**Exercise:** Beginning at the line that contains "#3794 = VERTEX_POINT ( 'NONE', #1776 ) ;", transcribe every line up to the last one in the material below. Include no other lines.

########

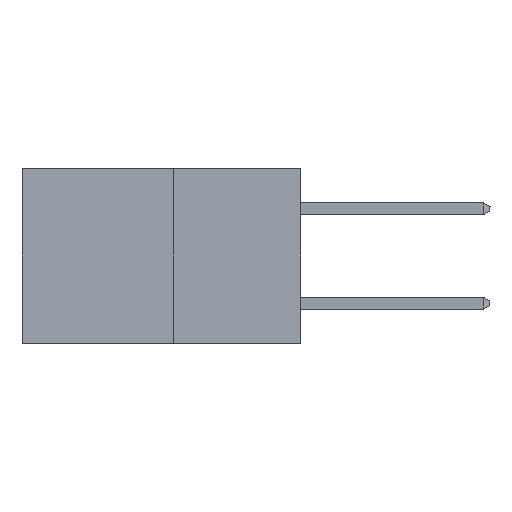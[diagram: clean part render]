
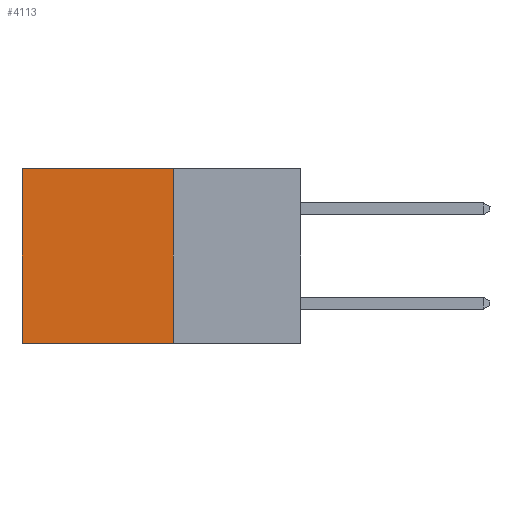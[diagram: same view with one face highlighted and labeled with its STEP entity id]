
A CAD part, left-side view. The second image highlights one B-rep face of the part: STEP entity #4113.
In plain terms, the highlighted planar face has unit normal (-1, 0, 0).
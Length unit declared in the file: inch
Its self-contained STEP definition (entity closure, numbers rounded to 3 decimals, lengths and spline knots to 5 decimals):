
#231 = VERTEX_POINT ( 'NONE', #7524 ) ;
#337 = ORIENTED_EDGE ( 'NONE', *, *, #5220, .T. ) ;
#451 = CARTESIAN_POINT ( 'NONE',  ( 0.277, 0.59, -0.37 ) ) ;
#1027 = EDGE_CURVE ( 'NONE', #3062, #3799, #6336, .T. ) ;
#1057 = DIRECTION ( 'NONE',  ( 0., 0., -1. ) ) ;
#1506 = ORIENTED_EDGE ( 'NONE', *, *, #2912, .T. ) ;
#1635 = CARTESIAN_POINT ( 'NONE',  ( 0.277, 0.27, -0.37 ) ) ;
#1748 = DIRECTION ( 'NONE',  ( 0., 0., -1. ) ) ;
#1776 = CARTESIAN_POINT ( 'NONE',  ( 0.277, 0.27, 0. ) ) ;
#1796 = LINE ( 'NONE', #6233, #7713 ) ;
#2105 = EDGE_LOOP ( 'NONE', ( #1506, #9596, #9812, #337 ) ) ;
#2187 = VECTOR ( 'NONE', #9617, 39.37008 ) ;
#2912 = EDGE_CURVE ( 'NONE', #231, #3799, #8273, .T. ) ;
#3062 = VERTEX_POINT ( 'NONE', #3933 ) ;
#3512 = EDGE_CURVE ( 'NONE', #3794, #3062, #9099, .T. ) ;
#3613 = FACE_OUTER_BOUND ( 'NONE', #2105, .T. ) ;
#3794 = VERTEX_POINT ( 'NONE', #1776 ) ;
#3799 = VERTEX_POINT ( 'NONE', #4167 ) ;
#3933 = CARTESIAN_POINT ( 'NONE',  ( 0.277, 0.27, -0.37 ) ) ;
#4024 = DIRECTION ( 'NONE',  ( 0., 0., -1. ) ) ;
#4113 = ADVANCED_FACE ( 'NONE', ( #3613 ), #6054, .F. ) ;
#4167 = CARTESIAN_POINT ( 'NONE',  ( 0.277, 0.59, -0.37 ) ) ;
#4942 = DIRECTION ( 'NONE',  ( 1., 0., 0. ) ) ;
#5220 = EDGE_CURVE ( 'NONE', #3794, #231, #1796, .T. ) ;
#5885 = CARTESIAN_POINT ( 'NONE',  ( 0.277, 0.27, -0.37 ) ) ;
#6054 = PLANE ( 'NONE',  #6061 ) ;
#6061 = AXIS2_PLACEMENT_3D ( 'NONE', #1635, #4942, #4024 ) ;
#6221 = DIRECTION ( 'NONE',  ( 0., 1., 0. ) ) ;
#6233 = CARTESIAN_POINT ( 'NONE',  ( 0.277, 0.27, 0. ) ) ;
#6336 = LINE ( 'NONE', #5885, #2187 ) ;
#6393 = VECTOR ( 'NONE', #1057, 39.37008 ) ;
#6567 = CARTESIAN_POINT ( 'NONE',  ( 0.277, 0.27, -0.37 ) ) ;
#6963 = VECTOR ( 'NONE', #1748, 39.37008 ) ;
#7524 = CARTESIAN_POINT ( 'NONE',  ( 0.277, 0.59, 0. ) ) ;
#7713 = VECTOR ( 'NONE', #6221, 39.37008 ) ;
#8273 = LINE ( 'NONE', #451, #6393 ) ;
#9099 = LINE ( 'NONE', #6567, #6963 ) ;
#9596 = ORIENTED_EDGE ( 'NONE', *, *, #1027, .F. ) ;
#9617 = DIRECTION ( 'NONE',  ( 0., 1., 0. ) ) ;
#9812 = ORIENTED_EDGE ( 'NONE', *, *, #3512, .F. ) ;

########

**Answer to this task:**
#3794 = VERTEX_POINT ( 'NONE', #1776 ) ;
#3799 = VERTEX_POINT ( 'NONE', #4167 ) ;
#3933 = CARTESIAN_POINT ( 'NONE',  ( 0.277, 0.27, -0.37 ) ) ;
#4024 = DIRECTION ( 'NONE',  ( 0., 0., -1. ) ) ;
#4113 = ADVANCED_FACE ( 'NONE', ( #3613 ), #6054, .F. ) ;
#4167 = CARTESIAN_POINT ( 'NONE',  ( 0.277, 0.59, -0.37 ) ) ;
#4942 = DIRECTION ( 'NONE',  ( 1., 0., 0. ) ) ;
#5220 = EDGE_CURVE ( 'NONE', #3794, #231, #1796, .T. ) ;
#5885 = CARTESIAN_POINT ( 'NONE',  ( 0.277, 0.27, -0.37 ) ) ;
#6054 = PLANE ( 'NONE',  #6061 ) ;
#6061 = AXIS2_PLACEMENT_3D ( 'NONE', #1635, #4942, #4024 ) ;
#6221 = DIRECTION ( 'NONE',  ( 0., 1., 0. ) ) ;
#6233 = CARTESIAN_POINT ( 'NONE',  ( 0.277, 0.27, 0. ) ) ;
#6336 = LINE ( 'NONE', #5885, #2187 ) ;
#6393 = VECTOR ( 'NONE', #1057, 39.37008 ) ;
#6567 = CARTESIAN_POINT ( 'NONE',  ( 0.277, 0.27, -0.37 ) ) ;
#6963 = VECTOR ( 'NONE', #1748, 39.37008 ) ;
#7524 = CARTESIAN_POINT ( 'NONE',  ( 0.277, 0.59, 0. ) ) ;
#7713 = VECTOR ( 'NONE', #6221, 39.37008 ) ;
#8273 = LINE ( 'NONE', #451, #6393 ) ;
#9099 = LINE ( 'NONE', #6567, #6963 ) ;
#9596 = ORIENTED_EDGE ( 'NONE', *, *, #1027, .F. ) ;
#9617 = DIRECTION ( 'NONE',  ( 0., 1., 0. ) ) ;
#9812 = ORIENTED_EDGE ( 'NONE', *, *, #3512, .F. ) ;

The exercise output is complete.